Exercise directions: The lines you return should be those containing the string "name", taken from the data below.

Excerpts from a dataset
------
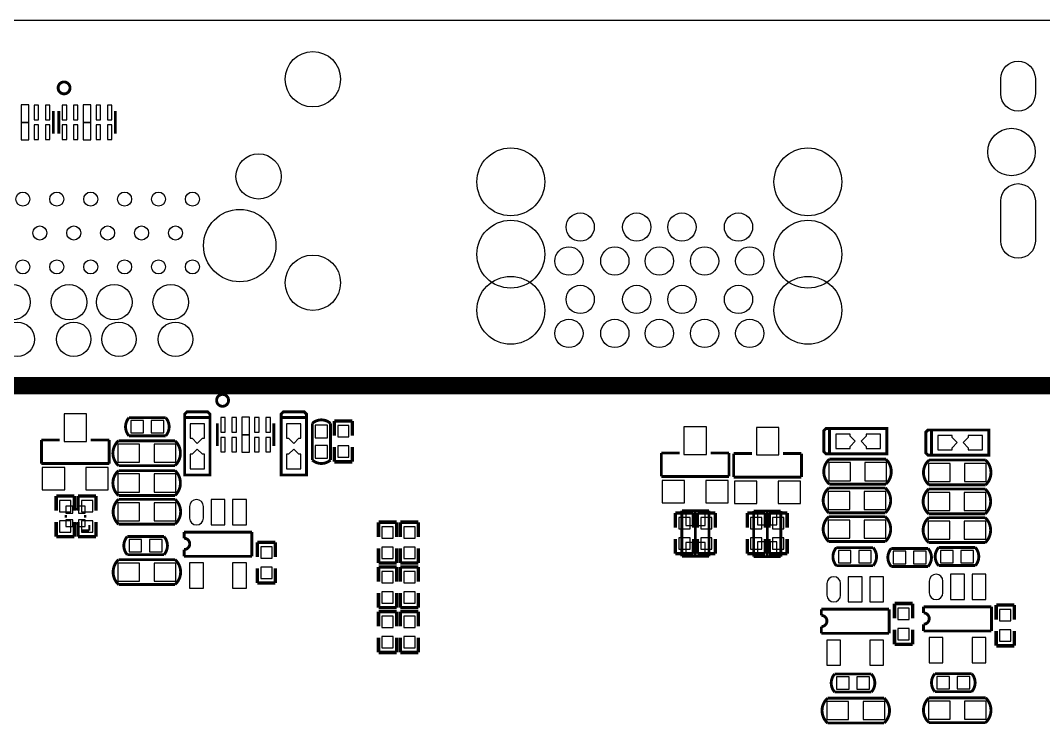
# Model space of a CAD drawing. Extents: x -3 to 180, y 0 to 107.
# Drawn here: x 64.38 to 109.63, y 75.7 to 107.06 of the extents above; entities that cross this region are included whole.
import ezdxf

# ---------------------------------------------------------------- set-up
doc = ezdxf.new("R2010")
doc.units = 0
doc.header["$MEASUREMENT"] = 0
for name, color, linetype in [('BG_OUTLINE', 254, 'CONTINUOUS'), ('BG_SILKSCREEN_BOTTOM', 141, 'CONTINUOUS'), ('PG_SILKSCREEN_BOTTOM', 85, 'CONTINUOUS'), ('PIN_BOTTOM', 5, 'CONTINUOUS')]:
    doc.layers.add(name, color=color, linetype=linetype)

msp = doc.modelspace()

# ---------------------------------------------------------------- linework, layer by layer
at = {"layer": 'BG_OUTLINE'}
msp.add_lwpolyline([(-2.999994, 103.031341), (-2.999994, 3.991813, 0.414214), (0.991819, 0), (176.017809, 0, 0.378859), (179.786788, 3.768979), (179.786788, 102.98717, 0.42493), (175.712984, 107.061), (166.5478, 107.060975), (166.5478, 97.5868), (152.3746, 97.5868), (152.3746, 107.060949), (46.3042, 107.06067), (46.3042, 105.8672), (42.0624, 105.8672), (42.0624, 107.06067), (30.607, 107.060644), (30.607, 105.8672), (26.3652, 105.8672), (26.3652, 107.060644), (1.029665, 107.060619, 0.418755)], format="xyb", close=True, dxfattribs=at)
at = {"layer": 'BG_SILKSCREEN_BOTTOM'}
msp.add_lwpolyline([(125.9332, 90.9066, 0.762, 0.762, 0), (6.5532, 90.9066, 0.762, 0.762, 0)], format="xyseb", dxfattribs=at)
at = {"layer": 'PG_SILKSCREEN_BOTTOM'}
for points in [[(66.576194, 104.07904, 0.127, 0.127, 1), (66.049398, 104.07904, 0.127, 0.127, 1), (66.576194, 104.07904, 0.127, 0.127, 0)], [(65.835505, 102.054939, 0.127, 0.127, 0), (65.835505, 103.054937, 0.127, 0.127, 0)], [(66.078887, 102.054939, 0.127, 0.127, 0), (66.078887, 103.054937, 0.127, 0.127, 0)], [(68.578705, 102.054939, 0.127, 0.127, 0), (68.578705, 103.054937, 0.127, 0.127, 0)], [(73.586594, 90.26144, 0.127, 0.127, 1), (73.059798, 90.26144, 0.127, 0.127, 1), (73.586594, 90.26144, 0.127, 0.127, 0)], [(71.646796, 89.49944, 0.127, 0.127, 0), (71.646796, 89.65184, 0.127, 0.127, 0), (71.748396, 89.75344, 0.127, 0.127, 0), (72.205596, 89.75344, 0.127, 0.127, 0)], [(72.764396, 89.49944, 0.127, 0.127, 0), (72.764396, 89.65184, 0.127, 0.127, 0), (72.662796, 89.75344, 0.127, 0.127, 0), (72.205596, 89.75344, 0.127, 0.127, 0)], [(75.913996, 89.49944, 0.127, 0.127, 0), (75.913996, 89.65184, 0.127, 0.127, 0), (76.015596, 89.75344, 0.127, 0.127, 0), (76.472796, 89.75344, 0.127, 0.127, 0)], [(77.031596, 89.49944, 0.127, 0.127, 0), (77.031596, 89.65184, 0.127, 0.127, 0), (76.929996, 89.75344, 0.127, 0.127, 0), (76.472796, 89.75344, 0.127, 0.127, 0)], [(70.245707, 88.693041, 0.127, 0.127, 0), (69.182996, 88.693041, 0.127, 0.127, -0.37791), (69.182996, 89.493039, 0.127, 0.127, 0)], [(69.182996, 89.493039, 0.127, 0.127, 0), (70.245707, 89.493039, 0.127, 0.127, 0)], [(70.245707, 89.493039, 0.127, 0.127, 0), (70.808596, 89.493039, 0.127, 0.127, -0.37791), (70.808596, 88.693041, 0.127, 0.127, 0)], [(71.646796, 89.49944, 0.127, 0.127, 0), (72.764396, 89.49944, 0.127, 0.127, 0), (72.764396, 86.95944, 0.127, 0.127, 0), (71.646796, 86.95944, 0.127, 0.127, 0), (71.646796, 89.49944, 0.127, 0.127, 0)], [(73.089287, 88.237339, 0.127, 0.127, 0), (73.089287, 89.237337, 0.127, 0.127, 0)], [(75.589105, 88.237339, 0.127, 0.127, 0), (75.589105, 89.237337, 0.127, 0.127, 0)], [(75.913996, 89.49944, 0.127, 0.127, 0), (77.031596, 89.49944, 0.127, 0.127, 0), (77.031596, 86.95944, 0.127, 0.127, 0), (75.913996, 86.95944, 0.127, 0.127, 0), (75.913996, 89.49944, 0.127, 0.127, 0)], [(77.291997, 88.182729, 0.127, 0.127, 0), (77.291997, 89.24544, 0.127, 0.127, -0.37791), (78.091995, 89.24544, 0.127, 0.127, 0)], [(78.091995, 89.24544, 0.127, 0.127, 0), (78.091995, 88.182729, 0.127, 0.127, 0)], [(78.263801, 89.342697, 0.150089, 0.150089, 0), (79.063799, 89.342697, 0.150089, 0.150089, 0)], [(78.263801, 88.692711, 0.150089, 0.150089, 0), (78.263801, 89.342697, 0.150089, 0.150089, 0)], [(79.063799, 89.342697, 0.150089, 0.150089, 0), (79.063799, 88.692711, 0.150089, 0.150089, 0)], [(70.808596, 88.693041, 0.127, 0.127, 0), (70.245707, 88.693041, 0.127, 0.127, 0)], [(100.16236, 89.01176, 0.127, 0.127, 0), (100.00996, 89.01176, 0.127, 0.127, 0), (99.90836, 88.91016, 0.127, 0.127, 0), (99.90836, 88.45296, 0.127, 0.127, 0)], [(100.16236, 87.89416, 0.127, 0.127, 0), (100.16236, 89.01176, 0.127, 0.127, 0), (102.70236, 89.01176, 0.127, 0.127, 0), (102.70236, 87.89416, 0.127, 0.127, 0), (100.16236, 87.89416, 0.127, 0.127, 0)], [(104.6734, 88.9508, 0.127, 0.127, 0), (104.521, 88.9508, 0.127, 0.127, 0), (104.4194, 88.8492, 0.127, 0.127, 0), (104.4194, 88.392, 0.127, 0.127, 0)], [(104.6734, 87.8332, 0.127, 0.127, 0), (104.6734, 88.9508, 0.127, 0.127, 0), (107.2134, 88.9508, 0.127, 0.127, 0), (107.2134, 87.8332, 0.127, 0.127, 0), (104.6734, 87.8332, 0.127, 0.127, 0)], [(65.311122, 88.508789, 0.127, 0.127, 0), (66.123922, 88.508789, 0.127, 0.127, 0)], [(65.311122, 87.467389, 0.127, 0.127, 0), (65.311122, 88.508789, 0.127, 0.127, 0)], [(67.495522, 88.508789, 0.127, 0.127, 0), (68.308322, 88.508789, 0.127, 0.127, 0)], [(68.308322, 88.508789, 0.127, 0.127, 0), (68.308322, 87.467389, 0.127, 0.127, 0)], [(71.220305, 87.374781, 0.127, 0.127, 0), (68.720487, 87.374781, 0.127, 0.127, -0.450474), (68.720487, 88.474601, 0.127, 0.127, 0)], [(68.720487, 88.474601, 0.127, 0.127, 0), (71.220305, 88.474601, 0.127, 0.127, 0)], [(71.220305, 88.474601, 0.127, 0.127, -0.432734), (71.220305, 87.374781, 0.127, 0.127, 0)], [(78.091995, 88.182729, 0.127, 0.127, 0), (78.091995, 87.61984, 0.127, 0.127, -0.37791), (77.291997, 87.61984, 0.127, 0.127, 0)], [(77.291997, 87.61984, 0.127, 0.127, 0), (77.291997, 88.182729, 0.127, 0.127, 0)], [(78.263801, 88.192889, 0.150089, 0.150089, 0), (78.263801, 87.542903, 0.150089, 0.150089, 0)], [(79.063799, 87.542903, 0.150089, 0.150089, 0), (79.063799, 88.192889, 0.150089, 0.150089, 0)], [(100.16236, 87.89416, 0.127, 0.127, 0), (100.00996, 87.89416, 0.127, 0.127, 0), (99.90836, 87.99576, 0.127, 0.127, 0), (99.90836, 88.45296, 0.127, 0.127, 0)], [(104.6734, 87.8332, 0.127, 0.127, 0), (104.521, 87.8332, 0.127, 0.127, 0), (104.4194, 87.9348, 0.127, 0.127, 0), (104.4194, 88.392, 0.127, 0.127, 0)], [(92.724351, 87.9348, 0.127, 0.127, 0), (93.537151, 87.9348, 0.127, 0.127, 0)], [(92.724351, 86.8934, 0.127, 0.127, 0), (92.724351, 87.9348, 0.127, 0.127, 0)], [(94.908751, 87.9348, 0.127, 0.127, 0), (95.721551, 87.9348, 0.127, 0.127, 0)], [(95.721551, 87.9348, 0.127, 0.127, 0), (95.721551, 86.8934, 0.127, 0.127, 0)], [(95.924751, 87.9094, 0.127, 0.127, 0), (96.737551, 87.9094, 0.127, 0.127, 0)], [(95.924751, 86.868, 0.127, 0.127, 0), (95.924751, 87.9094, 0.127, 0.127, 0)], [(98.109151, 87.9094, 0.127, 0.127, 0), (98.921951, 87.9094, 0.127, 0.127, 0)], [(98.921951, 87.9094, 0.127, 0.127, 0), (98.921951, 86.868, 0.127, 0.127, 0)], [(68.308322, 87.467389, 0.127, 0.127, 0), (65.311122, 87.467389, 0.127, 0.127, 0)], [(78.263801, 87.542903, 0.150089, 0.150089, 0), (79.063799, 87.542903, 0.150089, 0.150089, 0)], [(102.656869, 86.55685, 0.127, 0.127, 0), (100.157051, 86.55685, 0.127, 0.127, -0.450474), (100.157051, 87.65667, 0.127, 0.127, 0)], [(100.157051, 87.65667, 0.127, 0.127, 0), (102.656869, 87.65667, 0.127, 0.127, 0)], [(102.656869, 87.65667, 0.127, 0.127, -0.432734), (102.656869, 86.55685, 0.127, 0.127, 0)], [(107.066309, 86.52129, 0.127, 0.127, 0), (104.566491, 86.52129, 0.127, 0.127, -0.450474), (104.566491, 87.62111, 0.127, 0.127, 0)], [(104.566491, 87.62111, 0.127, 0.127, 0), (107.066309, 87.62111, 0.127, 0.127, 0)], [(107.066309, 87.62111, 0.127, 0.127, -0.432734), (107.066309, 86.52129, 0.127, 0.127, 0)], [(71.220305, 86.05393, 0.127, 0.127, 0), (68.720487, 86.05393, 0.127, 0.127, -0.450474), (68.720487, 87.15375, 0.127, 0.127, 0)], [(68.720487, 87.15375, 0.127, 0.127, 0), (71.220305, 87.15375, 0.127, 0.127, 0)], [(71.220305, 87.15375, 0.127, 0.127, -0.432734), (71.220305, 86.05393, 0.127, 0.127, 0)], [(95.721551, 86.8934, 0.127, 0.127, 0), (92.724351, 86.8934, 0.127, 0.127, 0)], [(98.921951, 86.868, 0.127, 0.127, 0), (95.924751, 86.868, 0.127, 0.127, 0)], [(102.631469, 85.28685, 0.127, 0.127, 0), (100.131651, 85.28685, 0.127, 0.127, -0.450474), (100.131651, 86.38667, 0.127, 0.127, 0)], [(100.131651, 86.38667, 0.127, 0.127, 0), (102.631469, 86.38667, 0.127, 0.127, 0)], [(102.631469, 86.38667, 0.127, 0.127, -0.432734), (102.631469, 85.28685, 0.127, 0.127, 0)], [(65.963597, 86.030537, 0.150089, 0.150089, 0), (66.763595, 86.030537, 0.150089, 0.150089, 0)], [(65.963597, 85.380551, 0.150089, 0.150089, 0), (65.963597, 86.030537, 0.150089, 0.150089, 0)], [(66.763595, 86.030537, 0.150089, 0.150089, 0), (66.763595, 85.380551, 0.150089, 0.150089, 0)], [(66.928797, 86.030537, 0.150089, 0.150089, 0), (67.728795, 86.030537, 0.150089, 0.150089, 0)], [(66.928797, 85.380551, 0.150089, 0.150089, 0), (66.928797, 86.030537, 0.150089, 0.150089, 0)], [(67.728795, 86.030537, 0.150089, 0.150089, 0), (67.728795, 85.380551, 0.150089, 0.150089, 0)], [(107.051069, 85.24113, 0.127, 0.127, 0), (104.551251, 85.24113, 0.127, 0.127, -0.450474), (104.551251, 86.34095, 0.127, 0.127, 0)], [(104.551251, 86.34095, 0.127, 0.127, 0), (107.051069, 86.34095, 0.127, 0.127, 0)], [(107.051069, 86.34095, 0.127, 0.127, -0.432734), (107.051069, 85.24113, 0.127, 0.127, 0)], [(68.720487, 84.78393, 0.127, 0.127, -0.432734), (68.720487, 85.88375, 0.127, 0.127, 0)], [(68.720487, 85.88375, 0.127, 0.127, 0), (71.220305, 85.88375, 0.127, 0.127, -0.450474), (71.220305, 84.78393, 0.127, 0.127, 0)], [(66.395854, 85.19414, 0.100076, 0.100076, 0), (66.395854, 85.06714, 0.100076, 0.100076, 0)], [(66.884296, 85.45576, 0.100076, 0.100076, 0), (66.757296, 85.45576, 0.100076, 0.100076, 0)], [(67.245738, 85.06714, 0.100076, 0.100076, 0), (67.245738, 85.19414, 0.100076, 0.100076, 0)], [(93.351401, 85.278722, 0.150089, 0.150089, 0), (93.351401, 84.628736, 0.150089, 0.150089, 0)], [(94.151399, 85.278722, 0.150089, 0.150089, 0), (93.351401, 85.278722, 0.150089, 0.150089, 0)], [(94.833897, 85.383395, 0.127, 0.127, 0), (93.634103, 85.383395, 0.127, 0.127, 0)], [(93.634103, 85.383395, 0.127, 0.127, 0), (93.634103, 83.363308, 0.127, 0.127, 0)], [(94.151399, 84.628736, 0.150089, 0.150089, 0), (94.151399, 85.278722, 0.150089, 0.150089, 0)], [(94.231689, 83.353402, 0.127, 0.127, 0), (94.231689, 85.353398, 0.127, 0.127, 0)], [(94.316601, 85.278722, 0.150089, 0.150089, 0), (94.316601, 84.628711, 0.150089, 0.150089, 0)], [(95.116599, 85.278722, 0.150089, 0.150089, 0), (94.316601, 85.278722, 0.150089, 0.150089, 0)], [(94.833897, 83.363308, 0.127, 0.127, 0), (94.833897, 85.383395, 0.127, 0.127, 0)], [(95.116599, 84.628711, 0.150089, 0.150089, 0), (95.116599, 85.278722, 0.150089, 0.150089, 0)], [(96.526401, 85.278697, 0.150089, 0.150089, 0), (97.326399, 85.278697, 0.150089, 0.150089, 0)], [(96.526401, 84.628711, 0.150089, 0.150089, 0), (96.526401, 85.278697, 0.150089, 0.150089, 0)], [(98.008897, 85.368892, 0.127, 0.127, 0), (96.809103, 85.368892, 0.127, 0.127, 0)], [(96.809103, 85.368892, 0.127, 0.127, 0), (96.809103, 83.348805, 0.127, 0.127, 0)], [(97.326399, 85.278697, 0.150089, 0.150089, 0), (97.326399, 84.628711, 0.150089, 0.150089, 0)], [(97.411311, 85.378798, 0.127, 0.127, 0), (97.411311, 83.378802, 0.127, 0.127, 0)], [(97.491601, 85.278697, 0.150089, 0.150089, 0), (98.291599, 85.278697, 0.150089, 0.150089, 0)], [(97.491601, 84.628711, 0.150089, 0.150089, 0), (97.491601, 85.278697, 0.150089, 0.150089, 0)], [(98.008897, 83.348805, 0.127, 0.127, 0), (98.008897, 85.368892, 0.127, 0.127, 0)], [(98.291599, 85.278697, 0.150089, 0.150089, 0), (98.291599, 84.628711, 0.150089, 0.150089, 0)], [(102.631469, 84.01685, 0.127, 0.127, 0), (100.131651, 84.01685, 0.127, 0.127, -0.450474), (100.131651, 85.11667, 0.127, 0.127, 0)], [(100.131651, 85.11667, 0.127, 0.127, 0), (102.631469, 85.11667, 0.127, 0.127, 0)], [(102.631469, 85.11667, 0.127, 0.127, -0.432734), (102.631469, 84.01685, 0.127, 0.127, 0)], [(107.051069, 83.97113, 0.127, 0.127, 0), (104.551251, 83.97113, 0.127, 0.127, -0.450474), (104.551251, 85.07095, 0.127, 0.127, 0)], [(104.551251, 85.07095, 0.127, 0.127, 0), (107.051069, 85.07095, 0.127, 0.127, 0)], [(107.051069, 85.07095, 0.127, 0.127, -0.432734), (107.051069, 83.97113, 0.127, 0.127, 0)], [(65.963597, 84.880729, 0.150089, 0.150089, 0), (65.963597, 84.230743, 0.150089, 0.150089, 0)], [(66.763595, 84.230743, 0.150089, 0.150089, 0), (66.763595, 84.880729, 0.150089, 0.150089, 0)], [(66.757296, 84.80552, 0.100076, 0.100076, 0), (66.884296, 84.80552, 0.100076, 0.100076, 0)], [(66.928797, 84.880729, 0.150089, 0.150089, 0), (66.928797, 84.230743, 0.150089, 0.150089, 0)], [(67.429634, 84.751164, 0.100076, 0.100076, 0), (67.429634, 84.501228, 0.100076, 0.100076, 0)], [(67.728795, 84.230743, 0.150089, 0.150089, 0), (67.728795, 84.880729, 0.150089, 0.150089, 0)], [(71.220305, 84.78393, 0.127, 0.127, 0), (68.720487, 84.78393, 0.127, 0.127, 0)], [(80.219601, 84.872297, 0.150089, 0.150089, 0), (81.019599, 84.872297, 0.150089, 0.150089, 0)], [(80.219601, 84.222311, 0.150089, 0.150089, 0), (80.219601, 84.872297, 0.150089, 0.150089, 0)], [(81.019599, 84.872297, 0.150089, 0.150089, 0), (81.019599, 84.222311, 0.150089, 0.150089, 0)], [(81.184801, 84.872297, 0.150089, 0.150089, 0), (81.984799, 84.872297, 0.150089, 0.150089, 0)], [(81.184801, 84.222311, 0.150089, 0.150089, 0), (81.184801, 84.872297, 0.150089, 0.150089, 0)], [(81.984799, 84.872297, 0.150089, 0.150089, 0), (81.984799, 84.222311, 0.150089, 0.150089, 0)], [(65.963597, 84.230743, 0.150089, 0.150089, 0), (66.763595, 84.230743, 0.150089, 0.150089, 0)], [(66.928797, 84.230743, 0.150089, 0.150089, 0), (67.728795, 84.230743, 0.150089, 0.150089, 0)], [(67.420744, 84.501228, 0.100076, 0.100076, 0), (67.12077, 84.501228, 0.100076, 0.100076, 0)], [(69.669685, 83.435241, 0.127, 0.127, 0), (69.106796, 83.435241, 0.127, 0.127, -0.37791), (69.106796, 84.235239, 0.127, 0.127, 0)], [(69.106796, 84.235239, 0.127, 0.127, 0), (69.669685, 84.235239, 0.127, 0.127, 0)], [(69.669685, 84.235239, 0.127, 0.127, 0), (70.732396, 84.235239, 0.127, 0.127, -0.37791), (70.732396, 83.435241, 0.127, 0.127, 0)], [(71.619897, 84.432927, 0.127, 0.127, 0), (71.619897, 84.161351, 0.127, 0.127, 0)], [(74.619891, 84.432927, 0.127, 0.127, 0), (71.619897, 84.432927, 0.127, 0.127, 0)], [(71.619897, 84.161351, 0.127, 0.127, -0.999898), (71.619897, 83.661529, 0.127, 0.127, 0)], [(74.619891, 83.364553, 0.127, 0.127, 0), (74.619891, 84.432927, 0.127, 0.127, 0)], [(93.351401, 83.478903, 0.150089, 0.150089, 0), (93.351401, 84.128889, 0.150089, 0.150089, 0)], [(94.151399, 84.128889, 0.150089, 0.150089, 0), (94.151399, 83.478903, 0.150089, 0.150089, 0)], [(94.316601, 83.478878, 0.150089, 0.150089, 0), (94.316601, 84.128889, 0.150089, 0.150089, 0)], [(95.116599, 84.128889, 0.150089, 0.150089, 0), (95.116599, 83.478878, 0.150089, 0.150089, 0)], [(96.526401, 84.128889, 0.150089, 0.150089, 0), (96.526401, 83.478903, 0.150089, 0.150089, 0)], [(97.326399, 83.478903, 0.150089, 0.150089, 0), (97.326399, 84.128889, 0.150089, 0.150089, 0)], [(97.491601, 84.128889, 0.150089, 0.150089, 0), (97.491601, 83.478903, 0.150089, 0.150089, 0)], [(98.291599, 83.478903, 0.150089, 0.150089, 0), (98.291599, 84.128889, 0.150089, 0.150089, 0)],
------
Result of this task:
for name, color, linetype in [('BG_OUTLINE', 254, 'CONTINUOUS'), ('BG_SILKSCREEN_BOTTOM', 141, 'CONTINUOUS'), ('PG_SILKSCREEN_BOTTOM', 85, 'CONTINUOUS'), ('PIN_BOTTOM', 5, 'CONTINUOUS')]:
    doc.layers.add(name, color=color, linetype=linetype)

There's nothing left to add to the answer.